Jazz à Vienne x Ezra Collective, la combinaison parfaite
Il y a donc dans ce festival de la place pour les artistes qui souhaitent construire une relation particulière avec le public, en maximisant les interactions, en favorisant les vannes et la tendresse. À ce jeu, Ezra Collective sait y faire. C’est même un mot d’ordre du batteur et frontman du groupe Femi Koleoso : faire disparaître la frontière entre la scène et le public. Une ambition très « jazz club » dans une arène pleine à craquer (plus de 7500 personnes ce lundi 3 juillet), mais qu’ils ont investi physiquement. Dès le début du concert, le ton est donné : le trompettiste Ife Ogunjobi et le saxphoniste James Mollison ne sont pas présents sur scène, mais dans le public. Au milieu de l’amphithéâtre, ils sonnent le début de la fête sur le très afrobeat « Welcome To My World ». Rejoignant peu à peu leurs camarades sur le devant de la scène avec le bassiste TJ Koleoso, ils installent le pattern fondamental de leur musique : la danse, la répétition, l’intensité. Ezra Collective n’a pas peur des morceaux longs, permettant justement de faire monter l’intensité par une reprise répétée des thèmes. Et de fait, à certains moments du concert, on aurait cru que le temps s’était arrêté.

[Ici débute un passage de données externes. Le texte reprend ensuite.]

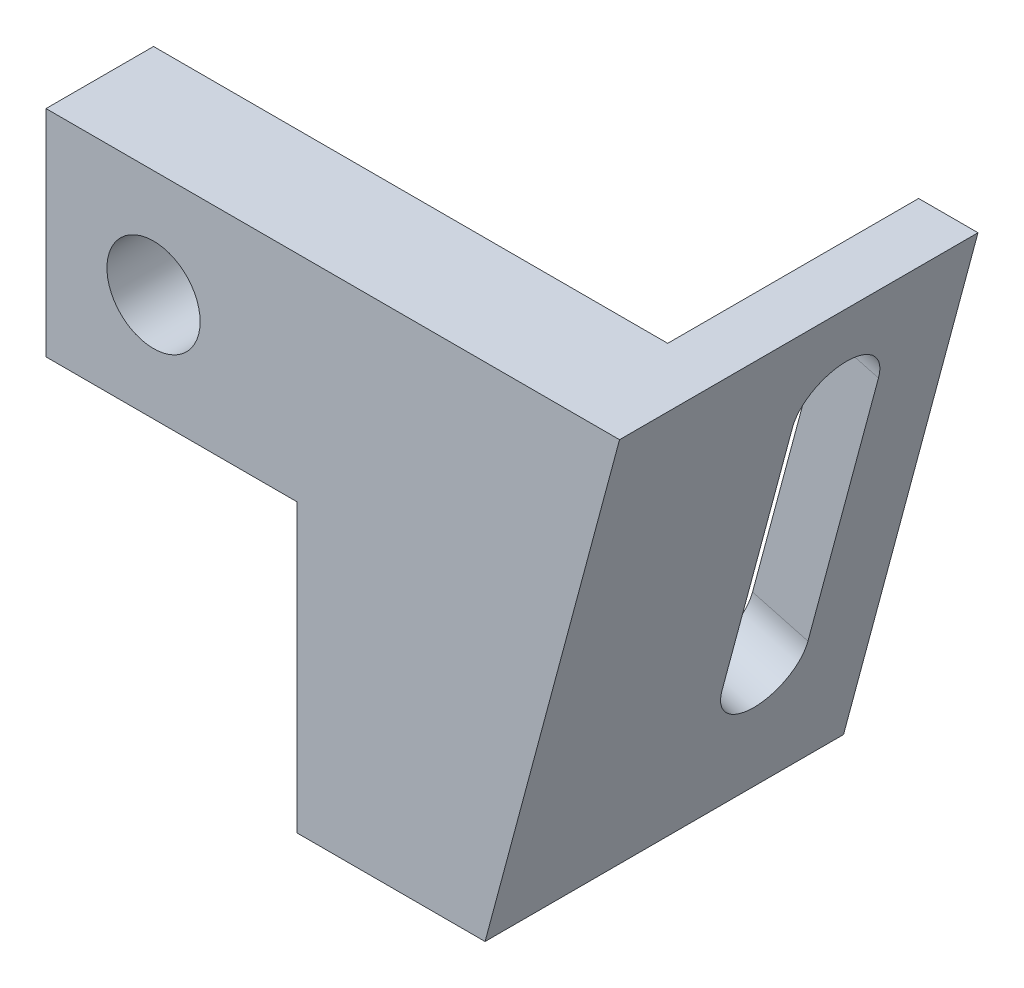
SolidWorks part; units mm, degrees
ref_plane "Plano frontal" through (0, 0, 0) normal (0, 0, 1) x (1, 0, 0)
ref_plane "Plano superior" through (0, 0, 0) normal (0, 1, 0) x (1, 0, 0)
ref_plane "Plano direito" through (0, 0, 0) normal (1, 0, 0) x (0, 0, -1)
sketch "Esboço1" plane through (0, 0, 0) normal (0, 0, 1) x (1, 0, 0)
  line L0 (-31.6168, 46.5709) -> (-50.3733, -23.4291)
  line L1 (-50.3733, -23.4291) -> (-76.6168, -23.4291)
  line L2 (-76.6168, -23.4291) -> (-76.6168, 16.5709)
  line L3 (-76.6168, 16.5709) -> (-111.6168, 16.5709)
  line L4 (-111.6168, 16.5709) -> (-111.6168, 46.5709)
  line L5 (-111.6168, 46.5709) -> (-31.6168, 46.5709)
  circle A0 centre (-96.6168, 31.5709) radius 6.5
  point P8 (0, 0)
  point P9 (0, 0)
  dimension "D1" = 15
  dimension "D3" = 13
  dimension "D2" = 15
  dimension "D4" = 80
  dimension "D5" = 75
  dimension "D6" = 35
  dimension "D7" = 30
  dimension "D8" = 70
extrude "Ressalto-extrusão1" add sketch "Esboço1" along normal blind 15
sketch "Esboço2" plane through (0, 0, 0) normal (0, 0, -1) x (-1, 0, 0)
  line L0 (58.6555, -23.4291) -> (39.8991, 46.5709)
  line L1 (76.6168, -23.4291) -> (50.3733, -23.4291) construction
  line L2 (31.6168, 46.5709) -> (111.6168, 46.5709) construction
  line L3 (50.3733, -23.4291) -> (31.6168, 46.5709) construction
  line L4 (39.8991, 46.5709) -> (31.6168, 46.5709)
  line L5 (31.6168, 46.5709) -> (50.3733, -23.4291)
  line L6 (50.3733, -23.4291) -> (58.6555, -23.4291)
  dimension "D1" = 8
extrude "Ressalto-extrusão2" add sketch "Esboço2" along normal blind 35
sketch "Esboço3" plane through (-41.1417, 11.0239, 0) normal (0.9659, -0.2588, 0) x (0, 0, -1)
  line L2 (-15, 36.801) -> (35, 36.801) construction
  line L3 (35, 36.801) -> (35, -35.6683) construction
  line L4 (13, 21.801) -> (13, -16.199)
  line L5 (25, 21.801) -> (25, -16.199)
  arc A0 (25, 21.801) -> (13, 21.801) centre (19, 21.801) ccw
  arc A1 (13, -16.199) -> (25, -16.199) centre (19, -16.199) ccw
  dimension "D1" = 12
  dimension "D2" = 38
  dimension "D3" = 15
  dimension "D4" = 16
extrude "Corte-extrusão1" cut sketch "Esboço3" against normal up to next
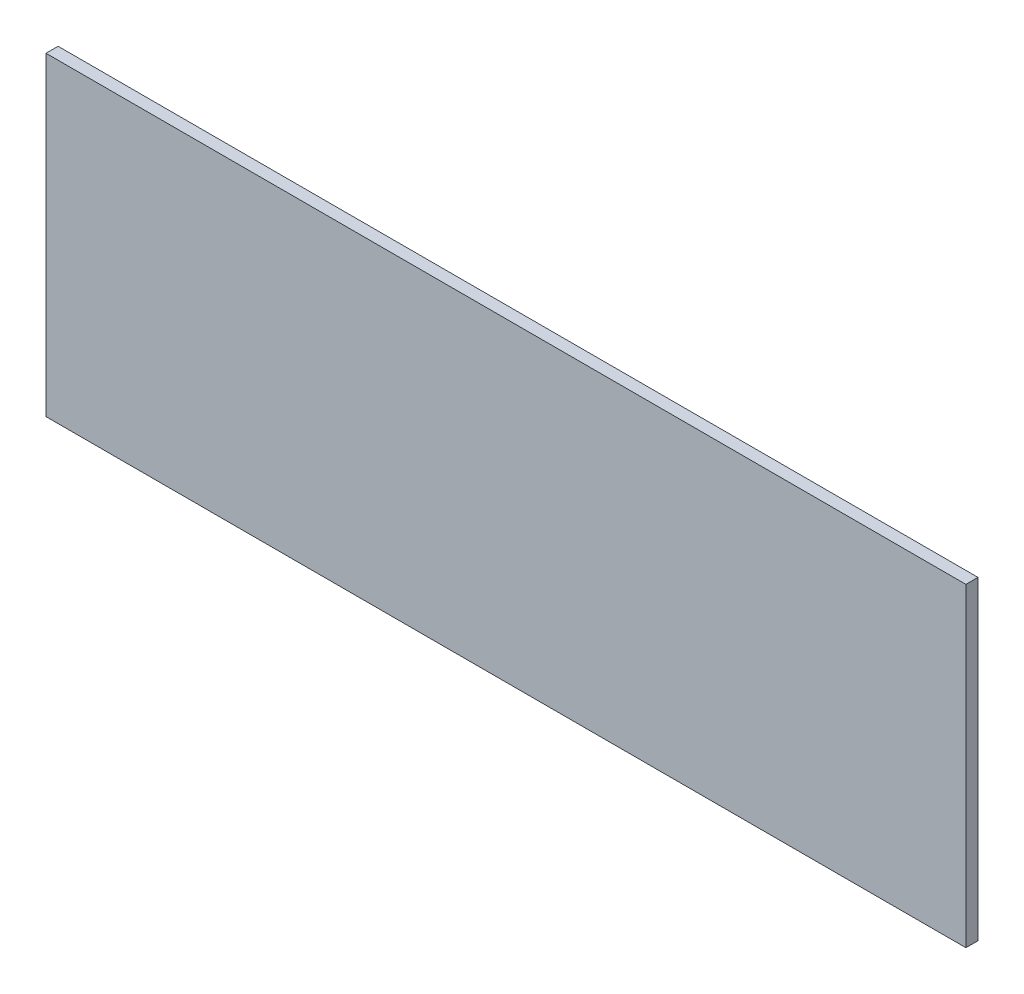
SolidWorks part; units mm, degrees
ref_plane "Front Plane" through (0, 0, 0) normal (0, 0, 1) x (1, 0, 0)
ref_plane "Top Plane" through (0, 0, 0) normal (0, 1, 0) x (1, 0, 0)
ref_plane "Right Plane" through (0, 0, 0) normal (1, 0, 0) x (0, 0, -1)
sketch "Sketch1" plane through (0, 0, 0) normal (0, 0, 1) x (1, 0, 0)
  line L1 (0, 0) -> (76, 0)
  line L2 (0, 0) -> (0, 26)
  line L3 (0, 26) -> (76, 26)
  line L4 (76, 0) -> (76, 26)
  dimension "D1" = 76
  dimension "D2" = 26
extrude "Boss-Extrude1" add sketch "Sketch1" along normal blind 1

Cette proximité avec le public, elle s’exprime également par la présence de Femi Koleoso, à l’aise au micro, et qui nous a gratifié·es d’un petit traité sur le bonheur pendant quelques minutes. Artistiquement très bien vu, philosophiquement discutable. Une pause bienvenue dans le concert et suffisamment bien sentie pour qu’on comprenne le mot d’ordre : joy. La musique live d’Ezra Collective se lance comme défi – et y parvient - de percer la tristesse par sa qualité, notamment en finissant le show sur un medley de tubes, durant lequel on retrouvera « You Can’t Steal My Joy » ou « Chapter 7 », témoins de l’importance qu’a prise le groupe dans le paysage jazz actuel. Présenté par le programmateur comme une découverte pour le public très hétérogène de Jazz à Vienne, le concert a su montrer qu’il n’en était rien.
Un show millimétré
La plus grosse différence par rapport à la dernière fois où nous avions pu les voir est clairement la construction spectaculaire de leur live. Mon camarade écrivait dans sa chronique de Where I’m Meant To Be qu'Ezra Collective était avant tout un groupe taillé pour le concert, et il est impossible de lui donner tort. Entre les passages répétés dans le public, les pauses dialoguées, la mise en place crescendo des morceaux jusqu’au pic du medley de fin de show, le public est resté debout pendant une partie non négligeable de la soirée.
Mais cette connaissance des réactions d’une audience, cette adaptation dans les postures scéniques et cette architecture très précise du concert ne seraient rien sans la qualité de jeu. Ezra Collective ne renonce pas au format traditionnel du jazz alternant le thème et les solos. Et chance pour eux, ils peuvent jouer la carte Joe Armon-Jones. Et quelle carte ! Le pianiste londonien a retourné l’amphithéâtre de Vienne à chacune de ses apparitions. La virtuosité et la précision de son jeu font de lui un atout énorme pour capter l’attention du public, peu importe son rapport au groupe. Dire que les Anglais ne jouaient qu'en première partie (de Marcus Miller, qu’on n’a pas pu voir, les navettes retour ayant été annulées au dernier moment).